Il direttore del nuovo canale televisivo cattolico Divya Vani, p. Udumala Bala Showry Reddy, ha proclamato l’omelia, ringraziando la Madonna della salute per averlo aiutato nei suoi 25 anni di sacerdozio.

La festa di Gunadala è stata iniziata a Vijayawada dai missionari del Pime nel 1923 e ora, dopo più di 90 anni è divenuta un’importante festival per i cattolici, anche se spesso accoglie pellegrini musulmani e indù.

Parlando in conferenza stampa, mons. Telagathoti Raja Rao, ha detto che il santuario di Gunadala Matha  (La Madre di Gunadala) nella nuova capitale dell’Andhra Praesh [la precedente, Hyderabad, è divenuta la capitale del nuovo Stato di Telangana – ndr], ha bisogno di nuovi sviluppi perché è divenuta meta di pellegrini non solo in questi giorni, ma per tutto l’anno.
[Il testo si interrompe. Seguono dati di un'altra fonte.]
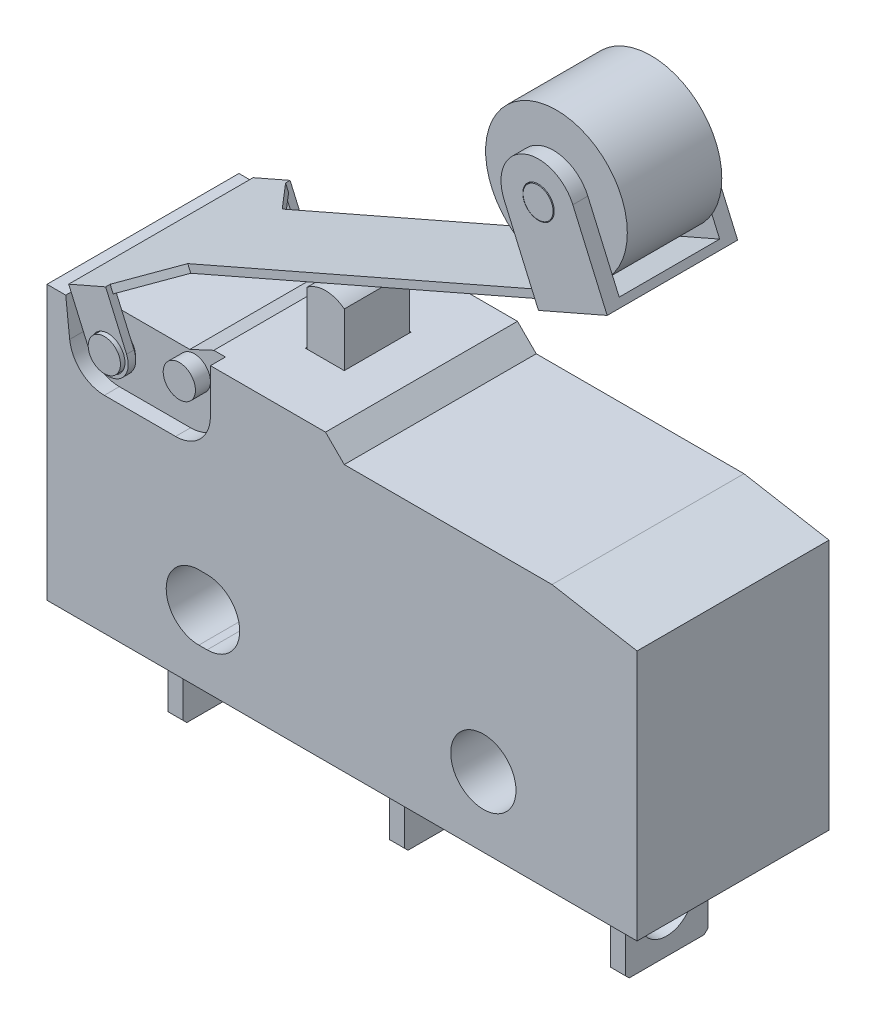
SolidWorks part; units mm, degrees
ref_plane "Front" through (0, 0, 0) normal (0, 0, 1) x (1, 0, 0)
ref_plane "Top" through (0, 0, 0) normal (0, 1, 0) x (1, 0, 0)
ref_plane "Right" through (0, 0, 0) normal (1, 0, 0) x (0, 0, -1)
sketch "Sketch2" plane through (0, 0, 0) normal (0, 0, 1) x (1, 0, 0)
  line L0 (-4.8514, 3.4671) -> (-4.572, 3.4671)
  line L1 (9.9949, 8.509) -> (7.1139, 9.017)
  line L2 (-9.9949, 9.271) -> (-9.9949, 0)
  line L3 (-9.9949, 0) -> (9.9949, 0)
  line L4 (9.9949, 8.509) -> (9.9949, 0)
  line L5 (-4.8514, 1.2573) -> (-4.572, 1.2573)
  line L6 (-4.7117, 3.4671) -> (-4.7117, 1.2573) construction
  line L7 (4.7879, 2.3622) -> (-4.572, 2.3622) construction
  line L8 (7.1139, 9.017) -> (0.0762, 9.017)
  line L9 (0.0762, 9.017) -> (-0.5588, 9.652)
  line L10 (-0.5588, 9.652) -> (-4.8514, 9.652)
  line L11 (-4.8514, 9.652) -> (-5.6646, 9.271)
  line L12 (-5.6646, 9.271) -> (-9.9949, 9.271)
  line L13 (-2.7051, 9.652) -> (-2.7051, 2.3622) construction
  line L14 (-4.8514, 9.652) -> (-4.8514, 3.4671) construction
  circle A0 centre (4.7879, 2.3622) radius 1.1049
  arc A1 (-4.8514, 3.4671) -> (-4.8514, 1.2573) centre (-4.8514, 2.3622) ccw
  arc A2 (-4.572, 1.2573) -> (-4.572, 3.4671) centre (-4.572, 2.3622) ccw
  dimension "D4" = 5.207
  dimension "D5" = 2.2098
  dimension "D6" = 2.4892
  dimension "D7" = 6.6548
  dimension "D8" = 7.2898
  dimension "D9" = 7.493
  dimension "D13" = 6.9088
  dimension "D1" = 19.9898
  dimension "D2" = 2.3622
  dimension "D3" = 9.4996
  dimension "D10" = 0.508
  dimension "D11" = 10
  dimension "D12" = 135
extrude "Extrude1" add sketch "Sketch2" along normal mid plane 6.5024
sketch "Sketch3" plane through (0, 0, 0) normal (0, 0, 1) x (1, 0, 0)
  line L0 (-3.3401, 9.271) -> (-3.3401, 11.4357)
  line L1 (-2.7051, 9.271) -> (-2.7051, 10.6426) construction
  line L2 (-2.0701, 11.4357) -> (-2.0701, 9.271)
  line L3 (-2.0701, 9.271) -> (-3.3401, 9.271)
  line L4 (-3.3401, 11.4357) -> (-2.0701, 11.4357) construction
  line L5 (-2.7051, 9.652) -> (-2.7051, 2.3622) construction
  line L6 (-5.6646, 9.271) -> (-9.9949, 9.271) construction
  arc A0 (-3.3401, 11.4357) -> (-2.0701, 11.4357) centre (-2.7051, 10.6426) cw
  arc A1 (-4.8514, 3.4671) -> (-4.8514, 1.2573) centre (-4.8514, 2.3622) ccw construction
  dimension "D1" = 9.2964
  dimension "D3" = 1.016
  dimension "D2" = 1.27
extrude "Extrude2" add sketch "Sketch3" along normal mid plane 2.2098 separate body
sketch "Sketch4" plane through (0, 9.652, 0) normal (0, 1, 0) x (-1, 0, 0)
  line L0 (2.0701, -1.1049) -> (3.3401, -1.1049) construction
  line L1 (3.3401, 1.1049) -> (3.3401, -1.1049) construction
  line L2 (2.0701, 1.1049) -> (2.0701, -1.1049) construction
  line L3 (3.3401, 1.1049) -> (2.0701, 1.1049) construction
  line L4 (2.0701, -1.1049) -> (3.3401, -1.1049) construction
  line L5 (3.3401, 1.1049) -> (3.3401, -1.1049) construction
  line L6 (2.0701, 1.1049) -> (2.0701, -1.1049) construction
  line L7 (3.3401, 1.1049) -> (2.0701, 1.1049) construction
  line L8 (3.3655, 1.1303) -> (3.3655, -1.1303)
  line L9 (2.0447, -1.1303) -> (3.3655, -1.1303)
  line L10 (2.0447, 1.1303) -> (2.0447, -1.1303)
  line L11 (3.3655, 1.1303) -> (2.0447, 1.1303)
  dimension "D1" = 0.0254
extrude "Cut-Extrude1" cut sketch "Sketch4" against normal blind 1.016
sketch "Sketch5" plane through (0, 0, 3.2512) normal (0, 0, 1) x (1, 0, 0)
  line L0 (-9.2329, 9.271) -> (-9.2329, 8.1661) construction
  line L1 (-8.0518, 6.985) -> (-5.6388, 6.985)
  line L2 (-4.4577, 8.1661) -> (-4.4577, 9.652)
  line L3 (-5.6646, 9.271) -> (-9.9949, 9.271) construction
  line L4 (-4.8514, 9.652) -> (-5.6646, 9.271) construction
  line L5 (-0.5588, 9.652) -> (-4.8514, 9.652) construction
  line L6 (-5.6646, 9.271) -> (-9.2329, 9.271)
  line L7 (-4.8514, 9.652) -> (-5.6646, 9.271)
  line L8 (-4.4577, 9.652) -> (-4.8514, 9.652)
  line L9 (-9.9949, 9.271) -> (-9.9949, 0) construction
  line L10 (-9.226, 8.0385) -> (-9.3599, 9.271)
  line L11 (-5.6646, 9.271) -> (-9.9949, 9.271) construction
  line L12 (-9.3599, 9.271) -> (-9.2329, 9.271)
  circle A0 centre (-5.5118, 8.6741) radius 0.5461
  circle A1 centre (-8.0518, 8.1661) radius 0.5461
  arc A2 (-9.226, 8.0385) -> (-8.0518, 6.985) centre (-8.0518, 8.1661) ccw
  arc A3 (-5.6388, 6.985) -> (-4.4577, 8.1661) centre (-5.6388, 8.1661) ccw
  dimension "D4" = 0.0508
  dimension "D5" = 1.0922
  dimension "D6" = 2.54
  dimension "D7" = 0.508
  dimension "D1" = 0.762
  dimension "D2" = 0.508
  dimension "D3" = 0.635
  dimension "D8" = 0.127
extrude "Cut-Extrude2" cut sketch "Sketch5" against normal blind 0.508
mirror "Mirror1" about plane through (0, 0, 0) normal (0, 0, 1) of "Cut-Extrude2"
ref_plane "Plane1" through (-7.493, 0, 0) normal (1, 0, 0) x (0, 0, -1)
sketch "Sketch10" plane through (-7.493, 0, 0) normal (1, 0, 0) x (0, 0, -1)
  line L0 (-1.397, 0) -> (-1.397, -3.0734)
  line L1 (-1.27, -3.2004) -> (1.27, -3.2004)
  line L2 (1.397, -3.0734) -> (1.397, 0)
  line L3 (1.397, 0) -> (-1.397, 0)
  line L4 (0, -3.2004) -> (0, -1.7018) construction
  line L5 (0, 0) -> (0, -1.7018) construction
  line L6 (-1.397, -3.0734) -> (-1.27, -3.2004)
  line L7 (1.27, -3.2004) -> (1.397, -3.0734)
  circle A0 centre (0, -1.7018) radius 0.9017
  point P1 (-1.397, -3.2004)
  point P3 (1.397, -3.2004)
  dimension "D2" = 1.8034
  dimension "D1" = 3.2004
  dimension "D3" = 2.794
  dimension "D4" = 1.4986
  dimension "D5" = 0.127
  dimension "D6" = 45
  dimension "D7" = 0.127
  dimension "D8" = 45
extrude "Extrude6" add sketch "Sketch10" along normal mid plane 0.508
pattern_linear "LPattern1" count 3 spacing 7.493 along (1, 0, 0) of "Extrude6"
sketch "Sketch6" plane through (0, 0, 0) normal (0, 0, 1) x (1, 0, 0)
  line L0 (-9.2846, 9.2829) -> (7.941, 16.804)
  line L1 (7.941, 16.804) -> (7.8394, 17.0367)
  line L2 (7.8394, 17.0367) -> (-9.3863, 9.5157)
  line L3 (-9.3863, 9.5157) -> (-9.2846, 9.2829)
  line L6 (5.5116, 16.0204) -> (4.4495, 18.4529) construction
  line L7 (6.7773, 19.4693) -> (7.8394, 17.0367) construction
  line L10 (-9.2846, 9.2829) -> (-8.6777, 7.8928) construction
  line L11 (-7.4259, 8.4394) -> (-8.0328, 9.8295) construction
  circle A0 centre (-8.0518, 8.1661) radius 0.5461 construction
  circle A2 centre (5.6134, 18.9611) radius 2.4003 construction
  arc A6 (-8.6777, 7.8928) -> (-7.4259, 8.4394) centre (-8.0518, 8.1661) ccw construction
  circle A7 centre (4.7879, 2.3622) radius 1.1049 construction
  arc A8 (4.4495, 18.4529) -> (6.7773, 19.4693) centre (5.6134, 18.9611) cw construction
  dimension "D1" = 4.8006
  dimension "D2" = 18.9992
  dimension "D3" = 0.0762
  dimension "D6" = 2.54
  dimension "D4" = 0.8255
  dimension "D5" = 0.254
  dimension "D7" = 0.254
  dimension "D8" = 17.526
extrude "Extrude3" add sketch "Sketch6" along normal mid plane 3.2004 separate body
sketch "Sketch8" plane through (0, 0, 3.2512) normal (0, 0, 1) x (1, 0, 0)
  line L0 (-7.4259, 8.4394) -> (-8.0328, 9.8295) construction
  line L1 (-9.2846, 9.2829) -> (-8.6777, 7.8928) construction
  line L2 (-7.4259, 8.4394) -> (-8.1345, 10.0622)
  line L3 (-9.3863, 9.5157) -> (-8.6777, 7.8928)
  line L4 (7.8394, 17.0367) -> (-9.3863, 9.5157) construction
  line L5 (-8.1345, 10.0622) -> (-9.3863, 9.5157)
  arc A1 (-8.6777, 7.8928) -> (-7.4259, 8.4394) centre (-8.0518, 8.1661) ccw construction
  arc A3 (-8.6777, 7.8928) -> (-7.4259, 8.4394) centre (-8.0518, 8.1661) ccw
  circle A5 centre (-8.0518, 8.1661) radius 0.5715
  circle A6 centre (-8.0518, 8.1661) radius 0.5715
  dimension "D1" = 0.0254
extrude "Extrude4" add sketch "Sketch8" against normal blind 0.254 from offset 0.127 separate body offset against normal yes
sketch "Sketch9" plane through (0, 0, 1.6002) normal (0, 0, 1) x (1, 0, 0)
  line L0 (-7.4259, 8.4394) -> (-8.0328, 9.8295) construction
  line L1 (-9.3863, 9.5157) -> (-9.2846, 9.2829) construction
  line L2 (-9.2846, 9.2829) -> (7.941, 16.804) construction
  line L3 (7.8394, 17.0367) -> (-9.3863, 9.5157) construction
  line L4 (-8.0328, 9.8295) -> (-8.1345, 10.0622)
  line L5 (-9.3863, 9.5157) -> (-9.2846, 9.2829)
  line L6 (-9.2846, 9.2829) -> (-8.0328, 9.8295)
  line L7 (-8.1345, 10.0622) -> (-9.3863, 9.5157)
extrude "Extrude5" add sketch "Sketch9" along normal up to surface (1.27 mm away) up to face at (-7.4803, 8.1661, 2.8702)
mirror "Mirror7" about plane through (0, 0, 0) normal (0, 0, 1) of bodies 116
combine bodies "Combine1" operation type add bodies to combine 118 114 116
sketch "Sketch11" plane through (0, 0, 0) normal (0, 0, 1) x (1, 0, 0)
  circle A0 centre (5.6134, 18.9611) radius 2.4003 construction
  circle A1 centre (5.6134, 18.9611) radius 2.4003
extrude "Extrude7" add sketch "Sketch11" along normal mid plane 3.2004
sketch "Sketch12" plane through (0, 0, 0) normal (0, 0, 1) x (1, 0, 0)
  circle A0 centre (5.6134, 18.9611) radius 0.508
  dimension "D1" = 1.016
extrude "Extrude8" add sketch "Sketch12" along normal mid plane 4.445
sketch "Sketch13" plane through (0, 0, 1.6002) normal (0, 0, 1) x (1, 0, 0)
  line L0 (-9.2846, 9.2829) -> (7.941, 16.804) construction
  line L1 (6.7773, 19.4693) -> (7.8394, 17.0367) construction
  line L2 (5.5116, 16.0204) -> (4.4495, 18.4529) construction
  line L3 (5.6132, 15.7876) -> (7.941, 16.804)
  line L4 (6.7773, 19.4693) -> (7.941, 16.804)
  line L5 (5.6132, 15.7876) -> (4.4495, 18.4529)
  line L6 (5.6134, 18.9611) -> (5.6134, 19.4691) construction
  line L7 (5.6134, 19.4691) -> (5.6134, 19.4945) construction
  circle A0 centre (5.6134, 18.9611) radius 0.508 construction
  arc A1 (6.7773, 19.4693) -> (4.4495, 18.4529) centre (5.6134, 18.9611) ccw construction
  circle A2 centre (5.6134, 18.9611) radius 0.508 construction
  arc A3 (6.7773, 19.4693) -> (4.4495, 18.4529) centre (5.6134, 18.9611) ccw
  circle A4 centre (5.6134, 18.9611) radius 0.5334
  dimension "D1" = 0.0254
extrude "Extrude9" add sketch "Sketch13" along normal blind 0.508 from offset 0.1016 separate body
mirror "Mirror8" about plane through (0, 0, 0) normal (0, 0, 1) of bodies 124
sketch "Sketch14" plane through (0, 0, 0) normal (0, 0, 1) x (1, 0, 0)
  line L0 (5.5116, 16.0204) -> (4.4495, 18.4529) construction
  line L1 (7.941, 16.804) -> (7.8394, 17.0367) construction
  line L2 (-9.2846, 9.2829) -> (7.941, 16.804) construction
  line L3 (7.8394, 17.0367) -> (-9.3863, 9.5157) construction
  line L4 (5.6132, 15.7876) -> (5.5116, 16.0204)
  line L5 (7.941, 16.804) -> (7.8394, 17.0367)
  line L6 (5.6132, 15.7876) -> (7.941, 16.804)
  line L7 (7.8394, 17.0367) -> (5.5116, 16.0204)
extrude "Extrude10" add sketch "Sketch14" along normal up to vertex (2.2098 mm away) and the other way up to vertex (2.2098 mm away) up to point (7.941, 16.804, 2.2098) other way up to point (7.941, 16.804, -2.2098)
sketch "Sketch15" plane through (0, 0, 0) normal (0, 0, 1) x (1, 0, 0)
  line L0 (9.3628, 8.1661) -> (9.3628, 20.7376) construction
  line L1 (9.3628, 20.7376) -> (3.9992, 20.7376) construction
  line L2 (-8.0518, 8.1661) -> (3.9992, 20.7376) construction
  line L3 (-8.0518, 8.1661) -> (6.9925, 16.9376) construction
  line L4 (6.9925, 16.9376) -> (9.3628, 16.9376) construction
  line L5 (-8.0518, 8.1661) -> (7.3794, 16.2376) construction
  line L6 (7.3794, 16.2376) -> (9.3628, 16.2376) construction
  line L7 (-8.0518, 8.1661) -> (8.0754, 14.7376) construction
  line L8 (8.0754, 14.7376) -> (9.3628, 14.7376) construction
  circle A1 centre (5.6134, 18.9611) radius 2.4003
  circle A5 centre (8.0557, 14.7856) radius 2.4003 construction
  circle A8 centre (8.3427, 14.0391) radius 2.4003 construction
  circle A9 centre (8.8258, 12.4576) radius 2.4003 construction
  arc A10 (9.3628, 8.1661) -> (3.9992, 20.7376) centre (-8.0518, 8.1661) ccw construction
  circle A11 centre (5.6134, 18.9611) radius 2.4003 construction
  point P10 (3.9992, 20.7376)
  point P27 (-8.0518, 8.1661)
  dimension "D1" = 4.5
  dimension "D2" = 0.7
  dimension "D3" = 1.5
sketch "Sketch16" plane through (0, 0, 0) normal (0, 0, 1) x (1, 0, 0)
  circle A0 centre (8.8258, 12.4576) radius 2.4003 construction
  circle A1 centre (8.0557, 14.7856) radius 2.4003 construction
  circle A2 centre (8.3427, 14.0391) radius 2.4003 construction
  circle A3 centre (8.8258, 12.4576) radius 2.4003 construction
  circle A4 centre (8.0557, 14.7856) radius 2.4003 construction
  circle A5 centre (8.3427, 14.0391) radius 2.4003 construction
  point P9 (8.0754, 14.7376)
  point P10 (7.3794, 16.2376)
  point P12 (6.9925, 16.9376)
  point P14 (3.9992, 20.7376)
chamfer "Chamfer1" distance 1.3716 angle 45 2 edges

C’è bisogno di infrastrutture per accogliere i pellegini che vengono da lontano e di proposte per coloro che cercano sollievo spirituale e benedizioni.

A questo scopo, il vescovo vuole costituire un gruppo di sacerdoti che visitino e imparino dagli altri santuari mariani nel mondo – come Roma, Lourdes, Fatima, Częstochowa – per studiare le strutture di accoglienza dei fedeli e le espressioni di devozione mariana, per adeguare gli standard di Vijayawada a quelli mondiali. In città è attesa anche una delegazione vaticana per studiare il santuario.

La festa di oggi è stata preceduta da una novena a partire dal 31 gennaio scorso. I fedeli, con candele accese sono saliti, in processione col Santissimo sacramento, sulla collina del santuario dove vi è una statua della Madonna, recitando il rosario e cantando inni.

Il nuovo direttore del santuario, p. Eleti Jaya Rao, ha detto che quest’anno si prevede l’arrivo di almeno 1,5 milioni di pellegrini, grazie alle nuove strutture di accoglienza e all’atmosfera di preghiera che si respira. In Andhra Pradesh, nell’area della Krishna Unit vi sono circa 300mila cattolici serviti da 200 sacerdoti in 1600 chiese. Inoltre, sono presenti centinaia di scuole, servizi di carità per i poveri e i bisognosi.

In questo periodo il governo ha reso più facile il trasporto con autobus speciali dalla stazione ferroviaria a Gunadala. Anche le ferrovie hanno permesso una fermata dei treni a Gunadala per tutti i pellegrini.